By quantizing the embedding layer to 8 bit, we were able to achieve an
additional memory footprint reduction of approximately 300 MiB, bringing the
total down to ~5 GiB.

### Performance Optimizations

#### Decode performance

This was already heavily optimized through KV-cache and GEMV kernel
optimization efforts for LLama2/3.

#### Encode performance

With image based large prompts, this was the focus of performance
optimizations for LLaVA. We implemented two main optimizations to bring the decode or
prefill performance for the image down by more than 100% from the baseline.

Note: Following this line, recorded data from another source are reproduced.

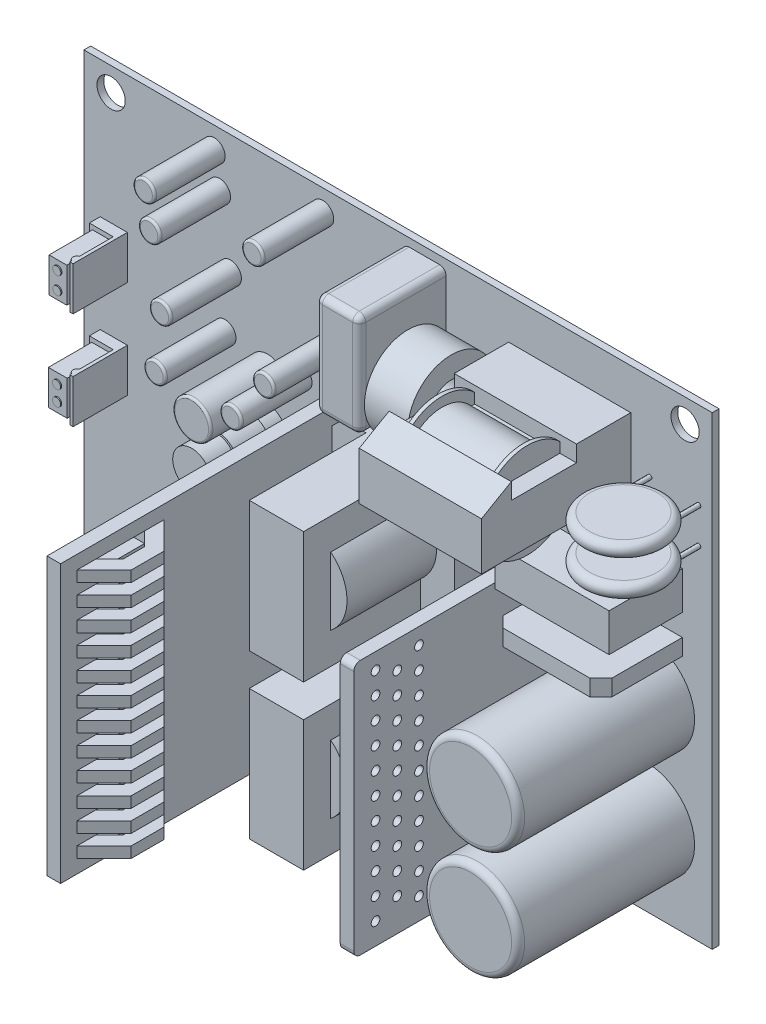
SolidWorks part; units mm, degrees
material "PW50:34:C1:0:1:2:Re:16:"
ref_plane "Front" through (0, 0, 0) normal (0, 0, 1) x (1, 0, 0)
ref_plane "Top" through (0, 0, 0) normal (0, 1, 0) x (1, 0, 0)
ref_plane "Side" through (0, 0, 0) normal (1, 0, 0) x (0, 0, -1)
sketch "Sketch1" plane through (0, 0, 0) normal (0, 0, 1) x (1, 0, 0)
  line L0 (-73.4695, 40.132) -> (-73.4695, -68.58)
  line L2 (-73.4695, -68.58) -> (73.4695, -68.58)
  line L4 (-73.4695, 40.132) -> (73.4695, 40.132)
  line L5 (73.4695, 40.132) -> (73.4695, -68.58)
  circle A3 centre (67.1195, 34.6075) radius 3.302
  circle A5 centre (-67.1195, 34.6075) radius 3.302
extrude "Base-Extrude" add sketch "Sketch1" along normal blind 1.5875
sketch "Sketch3" plane through (0, 0, 1.5875) normal (0, 0, 1) x (1, 0, 0)
  line L0 (73.4695, 40.132) -> (73.4695, -68.58) construction
  line L1 (-73.4695, -68.58) -> (73.4695, -68.58) construction
  circle A0 centre (58.2295, -49.53) radius 11.1125
  circle A1 centre (58.2295, -24.13) radius 11.1125
  dimension "D1" = 22.225
  dimension "D4" = 25.4
  dimension "D2" = 15.24
  dimension "D3" = 19.05
extrude "Boss-Extrude1" add sketch "Sketch3" along normal blind 41.275
fillet "Fillet1" radius 1.524 2 edges at (69.342, -24.13, 42.8625) (69.342, -49.53, 42.8625)
sketch "Sketch4" plane through (0, 0, 1.5875) normal (0, 0, 1) x (1, 0, 0)
  line L0 (66.4845, -8.89) -> (41.0845, -8.89)
  line L1 (66.4845, -8.89) -> (66.4845, -12.7)
  line L2 (41.0845, -12.7) -> (66.4845, -12.7)
  line L3 (41.0845, -12.7) -> (41.0845, -8.89)
  line L4 (-73.4695, -68.58) -> (73.4695, -68.58) construction
  line L5 (73.4695, 40.132) -> (73.4695, -68.58) construction
  dimension "D1" = 25.4
  dimension "D2" = 3.81
  dimension "D3" = 59.69
  dimension "D4" = 6.985
extrude "Boss-Extrude2" add sketch "Sketch4" along normal blind 19.05
chamfer "Chamfer1" distance 2.54 angle 45 2 edges at (66.4845, -10.795, 20.6375) (41.0845, -10.795, 20.6375)
sketch "Sketch5" plane through (0, 0, 1.5875) normal (0, 0, 1) x (1, 0, 0)
  line L0 (39.8145, 5.08) -> (66.4845, 5.08)
  line L1 (39.8145, 5.08) -> (39.8145, -3.81)
  line L2 (66.4845, -3.81) -> (39.8145, -3.81)
  line L3 (66.4845, -3.81) -> (66.4845, 5.08)
  line L4 (-73.4695, -68.58) -> (73.4695, -68.58) construction
  line L5 (73.4695, 40.132) -> (73.4695, -68.58) construction
  dimension "D1" = 26.67
  dimension "D2" = 8.89
  dimension "D3" = 73.66
  dimension "D4" = 6.985
extrude "Boss-Extrude3" add sketch "Sketch5" along normal blind 17.145
ref_plane "Plane4" through (0, 19.812, 0) normal (0, 1, 0) x (-1, 0, 0)
sketch "Sketch6" plane through (0, 19.812, 0) normal (0, 1, 0) x (-1, 0, 0)
  line L0 (-64.5795, -2.54) -> (-64.5795, 29.21) construction
  line L2 (-70.2945, 1.5875) -> (-70.2945, 6.7362)
  line L3 (-58.8645, 1.5875) -> (-58.8645, 6.7362)
  line L6 (73.4695, 1.5875) -> (-73.4695, 1.5875) construction
  arc A0 (-58.2116, 8.7074) -> (-70.9474, 8.7074) centre (-64.5795, 13.4459) ccw
  arc A1 (-58.2116, 8.7074) -> (-58.8645, 6.7362) centre (-55.5625, 6.7362) ccw
  arc A2 (-70.9474, 8.7074) -> (-70.2945, 6.7362) centre (-73.5965, 6.7362) cw
  point P13 (-58.8645, 7.9375)
  dimension "D4" = 3.302
  dimension "D5" = 5.715
  dimension "D6" = 8.89
  dimension "D3" = 7.9375
  dimension "D1" = 5.1487
  dimension "D2" = 11.8584
sketch "Sketch7" plane through (0, 0, 1.5875) normal (0, 0, 1) x (1, 0, 0)
  circle A0 centre (70.2945, 19.812) radius 0.508
  dimension "D1" = 1.016
sweep "Boss-Sweep1" add profiles "Sketch7" path "Sketch6"
ref_plane "Plane5" through (0, 0, 13.4493) normal (0, 0, 1) x (1, 0, 0)
sketch "Sketch8" plane through (0, 0, 13.4493) normal (0, 0, 1) x (1, 0, 0)
  line L0 (73.4695, 40.132) -> (73.4695, -68.58) construction
  line L1 (-73.4695, 40.132) -> (73.4695, 40.132) construction
  line L2 (72.4493, 21.463) -> (64.5795, 21.463)
  line L3 (64.5795, 19.812) -> (64.5795, 13.7195) construction
  line L4 (64.5795, 21.463) -> (64.5795, 18.161)
  line L5 (72.4493, 18.161) -> (64.5795, 18.161)
  arc A0 (72.4493, 18.161) -> (72.4493, 21.463) centre (72.4493, 19.812) ccw
  dimension "D1" = 3.302
  dimension "D2" = 20.32
  dimension "D3" = 1.0202
  dimension "D4" = 8.89
revolve "Boss-Revolve1" add sketch "Sketch8" angle 360 about L3
pattern_linear "LPattern1" count 2 spacing 8.255 along (0, -1, 0) of "Boss-Revolve1", "Boss-Sweep1"
sketch "Sketch9" plane through (0, 0, 1.5875) normal (0, 0, 1) x (1, 0, 0)
  line L0 (25.8445, 30.607) -> (54.4195, 30.607)
  line L1 (25.8445, 30.607) -> (25.8445, 11.557)
  line L2 (54.4195, 11.557) -> (25.8445, 11.557)
  line L3 (54.4195, 11.557) -> (54.4195, 30.607)
  line L4 (-73.4695, 40.132) -> (73.4695, 40.132) construction
  line L5 (73.4695, 40.132) -> (73.4695, -68.58) construction
  dimension "D1" = 28.575
  dimension "D2" = 19.05
  dimension "D3" = 9.525
  dimension "D4" = 19.05
extrude "Boss-Extrude4" add sketch "Sketch9" along normal blind 34.925
sketch "Sketch10" plane through (54.4195, 0, 0) normal (1, 0, 0) x (0, 0, -1)
  line L0 (-29.5275, 30.607) -> (-42.1593, 23.314)
  line L1 (-14.2875, 40.132) -> (-14.2875, -68.58)
  line L2 (-14.2875, 40.132) -> (-14.2875, 26.797)
  line L3 (-29.5275, 40.132) -> (-29.5275, -68.58)
  line L4 (-29.5275, 30.607) -> (-29.5275, 26.797)
  line L5 (-36.5125, 15.367) -> (-1.5875, 15.367)
  line L6 (-42.1593, 15.367) -> (-14.2875, 15.367)
  line L7 (-36.5125, 26.797) -> (-1.5875, 26.797)
  line L8 (-29.5275, 26.797) -> (-14.2875, 26.797)
  line L9 (-36.5125, 30.607) -> (-1.5875, 30.607) construction
  line L10 (-14.2875, 7.4511) -> (-47.8412, 7.4511)
  line L11 (-47.8412, 7.4511) -> (-47.8412, 40.132)
  line L12 (-47.8412, 40.132) -> (-14.2875, 40.132)
  line L13 (-14.2875, 15.367) -> (-14.2875, 7.4511)
  line L14 (-42.1593, 23.314) -> (-42.1593, 15.367)
  dimension "D5" = 27.8718
  dimension "D6" = 33.5537
  dimension "D7" = 32.6809
  dimension "D8" = 30
  dimension "D1" = 12.7
  dimension "D2" = 27.94
  dimension "D3" = 3.81
  dimension "D4" = 3.81
extrude "Cut-Extrude1" cut sketch "Sketch10" against normal through all
ref_plane "Plane6" through (54.4195, 0, 0) normal (-1, 0, 0) x (0, 0, 1)
ref_plane "Plane7" through (40.132, 0, 0) normal (-1, 0, 0) x (0, 0, 1)
sketch "Sketch11" plane through (40.132, 0, 0) normal (-1, 0, 0) x (0, 0, 1)
  line L0 (14.2875, 15.367) -> (14.2875, 26.797) construction
  line L1 (14.2875, 21.082) -> (29.5275, 21.082) construction
  line L3 (29.5275, 30.607) -> (29.5275, 26.797) construction
  circle A0 centre (21.9075, 21.082) radius 8.89
  dimension "D1" = 17.78
extrude "Boss-Extrude5" add sketch "Sketch11" along normal mid plane 19.05
sketch "Sketch12" plane through (49.657, 0, 0) normal (1, 0, 0) x (0, 0, -1)
  circle A0 centre (-21.9075, 21.082) radius 11.1125
  dimension "D1" = 22.225
extrude "Boss-Extrude6" add sketch "Sketch12" along normal blind 0.889
sketch "Sketch13" plane through (30.607, 0, 0) normal (-1, 0, 0) x (0, 0, 1)
  circle A0 centre (21.9075, 21.082) radius 11.1125
  arc A1 (29.5275, 29.1705) -> (14.2875, 29.1705) centre (21.9075, 21.082) ccw construction
extrude "Boss-Extrude7" add sketch "Sketch13" along normal blind 0.889
ref_plane "Plane8" through (17.272, 0, 0) normal (-1, 0, 0) x (0, 0, 1)
sketch "Sketch14" plane through (17.272, 0, 0) normal (-1, 0, 0) x (0, 0, 1)
  line L0 (21.9075, 21.082) -> (15.647, 21.082) construction
  line L1 (1.5875, 40.132) -> (1.5875, -68.58) construction
  circle A0 centre (11.4935, 21.082) radius 10.16
  circle A1 centre (11.4935, 21.082) radius 5.08
  dimension "D1" = 20.32
  dimension "D2" = 10.16
  dimension "D3" = 9.906
extrude "Boss-Extrude8" add sketch "Sketch14" along normal mid plane 10.16
sketch "Sketch15" plane through (0, 0, 1.5875) normal (0, 0, 1) x (1, 0, 0)
  line L0 (2.6035, 14.097) -> (9.7155, 14.097)
  line L1 (1.0795, 15.621) -> (1.0795, 36.703)
  line L2 (9.7155, 38.227) -> (2.6035, 38.227)
  line L3 (11.2395, 36.703) -> (11.2395, 15.621)
  line L4 (73.4695, 40.132) -> (73.4695, -68.58) construction
  line L5 (-73.4695, 40.132) -> (73.4695, 40.132) construction
  arc A0 (1.0795, 15.621) -> (2.6035, 14.097) centre (2.6035, 15.621) ccw
  arc A1 (11.2395, 15.621) -> (9.7155, 14.097) centre (9.7155, 15.621) cw
  arc A2 (11.2395, 36.703) -> (9.7155, 38.227) centre (9.7155, 36.703) ccw
  arc A3 (2.6035, 38.227) -> (1.0795, 36.703) centre (2.6035, 36.703) ccw
  dimension "D5" = 1.524
  dimension "D1" = 62.23
  dimension "D2" = 10.16
  dimension "D3" = 1.905
  dimension "D4" = 24.13
extrude "Boss-Extrude9" add sketch "Sketch15" along normal blind 20.32
fillet "Fillet2" radius 1.524 8 edges at (1.0795, 26.162, 21.9075) (1.5259, 37.7806, 21.9075) (1.5259, 14.5434, 21.9075) (6.1595, 38.227, 21.9075) (6.1595, 14.097, 21.9075) (10.7931, 37.7806, 21.9075) (10.7931, 14.5434, 21.9075) (11.2395, 26.162, 21.9075)
sketch "Sketch16" plane through (0, 0, 1.5875) normal (0, 0, 1) x (1, 0, 0)
  line L0 (33.4645, -5.715) -> (36.6395, -5.715)
  line L1 (33.4645, -5.715) -> (33.4645, -65.405)
  line L2 (36.6395, -65.405) -> (33.4645, -65.405)
  line L3 (36.6395, -65.405) -> (36.6395, -5.715)
  line L4 (73.4695, 40.132) -> (73.4695, -68.58) construction
  line L5 (-73.4695, -68.58) -> (73.4695, -68.58) construction
  dimension "D1" = 36.83
  dimension "D2" = 3.175
  dimension "D3" = 3.175
  dimension "D4" = 59.69
extrude "Boss-Extrude10" add sketch "Sketch16" along normal blind 46.99
fillet "Fillet3" radius 1.524 2 edges at (35.052, -65.405, 48.5775) (35.052, -5.715, 48.5775)
sketch "Sketch17" plane through (36.6395, 0, 0) normal (1, 0, 0) x (0, 0, -1)
  line L0 (-48.5775, -63.881) -> (-48.5775, -7.239) construction
  line L1 (-47.0535, -65.405) -> (-1.5875, -65.405) construction
  circle A0 centre (-43.4975, -60.325) radius 1.016
  circle A2 centre (-33.3375, -60.325) radius 1.016
  dimension "D1" = 2.032
  dimension "D2" = 5.08
  dimension "D3" = 5.08
  dimension "D4" = 10.16
extrude "Cut-Extrude2" cut sketch "Sketch17" against normal through all
pattern_linear "LPattern2" count 11 spacing 5.08 along (0, 1, 0) of "Cut-Extrude2"
sketch "Sketch18" plane through (36.6395, 0, 0) normal (1, 0, 0) x (0, 0, -1)
  circle A0 centre (-38.4175, -57.785) radius 1.016
  circle A1 centre (-43.4975, -60.325) radius 1.016 construction
  circle A2 centre (-43.4975, -55.245) radius 1.016 construction
  dimension "D1" = 5.08
  dimension "D2" = 2.54
extrude "Cut-Extrude3" cut sketch "Sketch18" against normal through all
pattern_linear "LPattern3" count 10 spacing 5.08 along (0, 1, 0) of "Cut-Extrude3"
sketch "Sketch19" plane through (0, 0, 1.5875) normal (0, 0, 1) x (1, 0, 0)
  line L0 (-3.3655, -33.02) -> (20.1295, -33.02)
  line L1 (-5.9055, -35.56) -> (-5.9055, -60.96)
  line L2 (20.1295, -63.5) -> (-3.3655, -63.5)
  line L3 (22.6695, -60.96) -> (22.6695, -35.56)
  line L4 (73.4695, 40.132) -> (73.4695, -68.58) construction
  line L5 (-73.4695, -68.58) -> (73.4695, -68.58) construction
  line L6 (-3.3655, -33.02) -> (-5.9055, -35.56)
  line L9 (-5.9055, -60.96) -> (-3.3655, -63.5)
  line L11 (20.1295, -63.5) -> (22.6695, -60.96)
  line L13 (22.6695, -35.56) -> (20.1295, -33.02)
  dimension "D1" = 135
  dimension "D2" = 45
  dimension "D3" = 135
  dimension "D4" = 135
  dimension "D5" = 28.575
  dimension "D6" = 30.48
  dimension "D7" = 2.54
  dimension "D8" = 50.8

* **Two XNNPACK Partitioners**

For text-only LLMs, our approach involved lowering only DQLinear ops
to XNNPACK and relying on ExecuTorch-optimized operators or custom ops
(utilizing Neon SIMD) to support multiplication, addition, and other
operations. Lowering these operations to XNNPACK significantly improves Time to
First Token (TTFT).


* **New Arm Neon I8mm GEMM kernels**

We introduced new kernels in XNNPACK for the quantization scheme used
here, which upgrades our existing dot-prod based GEMM kernels to i8mm based
GEMM kernels. The new kernel offers significantly improved performance by
leveraging the more efficient SMMLA instruction from Arm Neon. However, it's
worth noting that this instruction is only available on newer Arm CPUs.


### Results

Note this is an active area of development in the ExecuTorch repository. You
will need this PR [5380](https://github.com/pytorch/executorch/pull/5380) to
supply an image to the C++ runner on Android without Torch dependency. This
should be merged soon.

With those caveats out of the way, here are some preliminary numbers (as average of
three runs) for LLaVA using a C++ runner on Android OnePlus12 device with 12GiB
memory.

| Experiment Setup  | Prefill time in seconds | Decode tokens/second |
| :------------- | -------------: | -------------: |
| Baseline  | 29.95  | 8.75 |
| + Two XNNPACK Partitioners  | 17.82  | 8.93 |
| + New Arm Neon i8mm GEMM Kernels  | 14.60 | 8.92 |

We appreciate your feedback. Please let us know if you run into any issues.